When all is said and done we must remember that this is what we do. Its easy to quit, but in the end we know we won't. We'll struggle and complain, and itch to put out another record and play another show. Its in our blood, and nothing changes that. We do need to think about how we are going to move forward though, and come up with new ideas for the future. Perhaps $3000 and up for radio promotion isn't worth it anymore?
The language of the 1995
Submitted by Anon (not verified) on September 8, 2011 - 7:03pm.The language of the 1995 statute creating a performance right in digital sound recordings specifically sets the percentage of income to each recipient: 50% to the owner of the sound recording copyright (usually the label), 45% to the featured artist, 2.5% to AFM musicians, and 2.5% to AFTRA recipients; thus, a label cannot reduce the artist's share of this income to something closer to the artist's record royalty rate without contravening the statute. In addition, the statute has always provided that the licensee (in this case, Sirius XM) is to pay the owner of the sound recording copyright (usually the label) and the "featured recording artist ...shall be entitled to receive payments from the copyright owner of the sound recording in accordance with the terms of the artist's contract." In other words, whether Sirius licenses the sound recording through SoundExchange or directly from the label, this has no effect on the statutory rights of the record company and the artist to share in resulting income under the Digital Performance Rights in Sound Recordings Act or the amount of those shares. If the record company can validly recoup recording costs against the artist's share of digital performance income in the absence of SoundExchange, it could equally have recouped those costs against artist income flowing through SoundExchange...by simply requiring that the artist's share be directed and paid to the label. The point is, the record companies HAVEN'T insisted on receiving the artist's share, but instead agreed to appoint SoundExchange as the universal collection agent and that both artist and record company should each receive their respective shares directly. If the labels now reverse this decision in the absence of SoundExchange, it won't be because any artist rights disappeared or label rights have been magically increased. It will only come to pass because this provides a convenient opportunity to change the current custom, re-examine the statute against the label's right of recoupment, and, at a minimum, earn some additional interest by holding the artist's share for some period. In the era of the 360 deal, this kind of move wouldn't even be surprising.
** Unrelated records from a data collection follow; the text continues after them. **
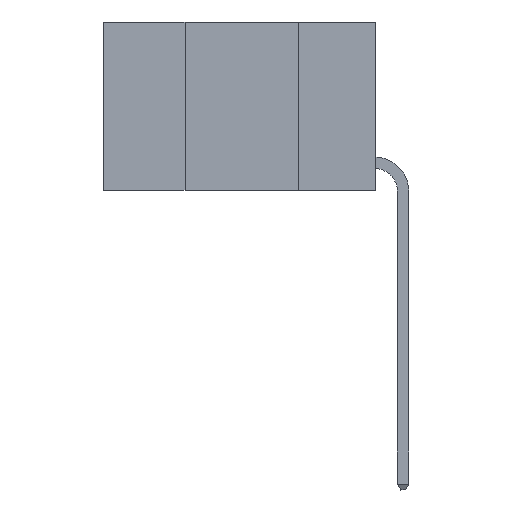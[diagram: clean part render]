
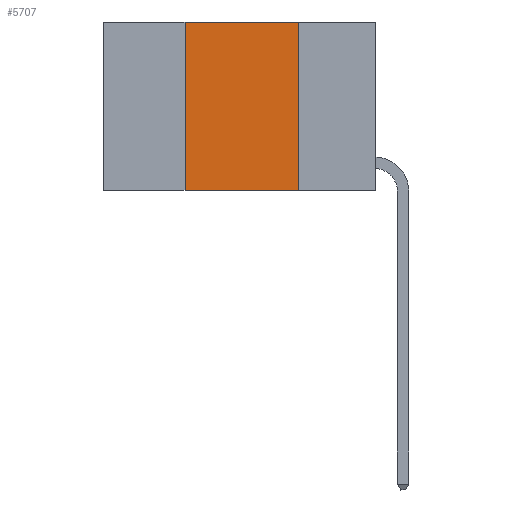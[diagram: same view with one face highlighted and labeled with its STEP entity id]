
A CAD part, left-side view. The second image highlights one B-rep face of the part: STEP entity #5707.
In plain terms, the highlighted planar face has unit normal (-1, 0, 0).
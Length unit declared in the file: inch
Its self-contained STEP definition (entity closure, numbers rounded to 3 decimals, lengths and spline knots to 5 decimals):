
#138 = VECTOR ( 'NONE', #13624, 39.37008 ) ;
#558 = PLANE ( 'NONE',  #6538 ) ;
#1076 = CARTESIAN_POINT ( 'NONE',  ( 0., 0.17, 0. ) ) ;
#1151 = VECTOR ( 'NONE', #9911, 39.37008 ) ;
#1158 = ORIENTED_EDGE ( 'NONE', *, *, #11678, .F. ) ;
#1440 = ORIENTED_EDGE ( 'NONE', *, *, #13638, .F. ) ;
#1708 = FACE_OUTER_BOUND ( 'NONE', #13602, .T. ) ;
#1908 = VERTEX_POINT ( 'NONE', #5005 ) ;
#1971 = CARTESIAN_POINT ( 'NONE',  ( 0., 0.42, -0.37 ) ) ;
#2032 = VERTEX_POINT ( 'NONE', #1076 ) ;
#3387 = LINE ( 'NONE', #9292, #13348 ) ;
#3447 = DIRECTION ( 'NONE',  ( 0., 0., -1. ) ) ;
#5005 = CARTESIAN_POINT ( 'NONE',  ( 0., 0.42, 0. ) ) ;
#5258 = VERTEX_POINT ( 'NONE', #8809 ) ;
#5707 = ADVANCED_FACE ( 'NONE', ( #1708 ), #558, .F. ) ;
#6370 = EDGE_CURVE ( 'NONE', #1908, #2032, #3387, .T. ) ;
#6493 = DIRECTION ( 'NONE',  ( 1., 0., 0. ) ) ;
#6538 = AXIS2_PLACEMENT_3D ( 'NONE', #15095, #6493, #7762 ) ;
#6992 = CARTESIAN_POINT ( 'NONE',  ( 0., 0.17, 0. ) ) ;
#7762 = DIRECTION ( 'NONE',  ( 0., 0., -1. ) ) ;
#8598 = CARTESIAN_POINT ( 'NONE',  ( 0., 0.42, 0. ) ) ;
#8809 = CARTESIAN_POINT ( 'NONE',  ( 0., 0.17, -0.37 ) ) ;
#8822 = LINE ( 'NONE', #8598, #138 ) ;
#9292 = CARTESIAN_POINT ( 'NONE',  ( 0., 0.6, 0. ) ) ;
#9911 = DIRECTION ( 'NONE',  ( 0., -1., 0. ) ) ;
#10067 = EDGE_CURVE ( 'NONE', #11837, #5258, #13878, .T. ) ;
#10479 = VECTOR ( 'NONE', #3447, 39.37008 ) ;
#10919 = ORIENTED_EDGE ( 'NONE', *, *, #10067, .T. ) ;
#11320 = LINE ( 'NONE', #6992, #10479 ) ;
#11678 = EDGE_CURVE ( 'NONE', #11837, #1908, #8822, .T. ) ;
#11837 = VERTEX_POINT ( 'NONE', #1971 ) ;
#12464 = ORIENTED_EDGE ( 'NONE', *, *, #6370, .F. ) ;
#13348 = VECTOR ( 'NONE', #13950, 39.37008 ) ;
#13602 = EDGE_LOOP ( 'NONE', ( #1440, #12464, #1158, #10919 ) ) ;
#13624 = DIRECTION ( 'NONE',  ( 0., 0., 1. ) ) ;
#13638 = EDGE_CURVE ( 'NONE', #2032, #5258, #11320, .T. ) ;
#13718 = CARTESIAN_POINT ( 'NONE',  ( 0., 0.6, -0.37 ) ) ;
#13878 = LINE ( 'NONE', #13718, #1151 ) ;
#13950 = DIRECTION ( 'NONE',  ( 0., -1., 0. ) ) ;
#15095 = CARTESIAN_POINT ( 'NONE',  ( 0., 0.6, 0. ) ) ;

The real danger in eliminating SoundExchange, however, is the significant loss of bargaining power in the ongoing conversation with Sirius, which will work against both the record companies and the artists. A record company that negotiates directly and on behalf of only itself is vulnerable in a way that a collective bargaining agency is not and may soon find its income reduced by virtue of all the "promotional benefits" generated when a sound recording is played on satellite radio. Given Sirius's added administrative burden in negotiating all these direct deals, one has to assume that it's counting on some big pay-off down the line. Unfortunately, the cost of that pay-off to the record company will likely outweigh any small benefits it gains from direct collection. If the labels imagine that a direct deal with Sirius will increase the size of their slice of pie, they need to look again. What good is a bigger piece of a quickly shrinking pie?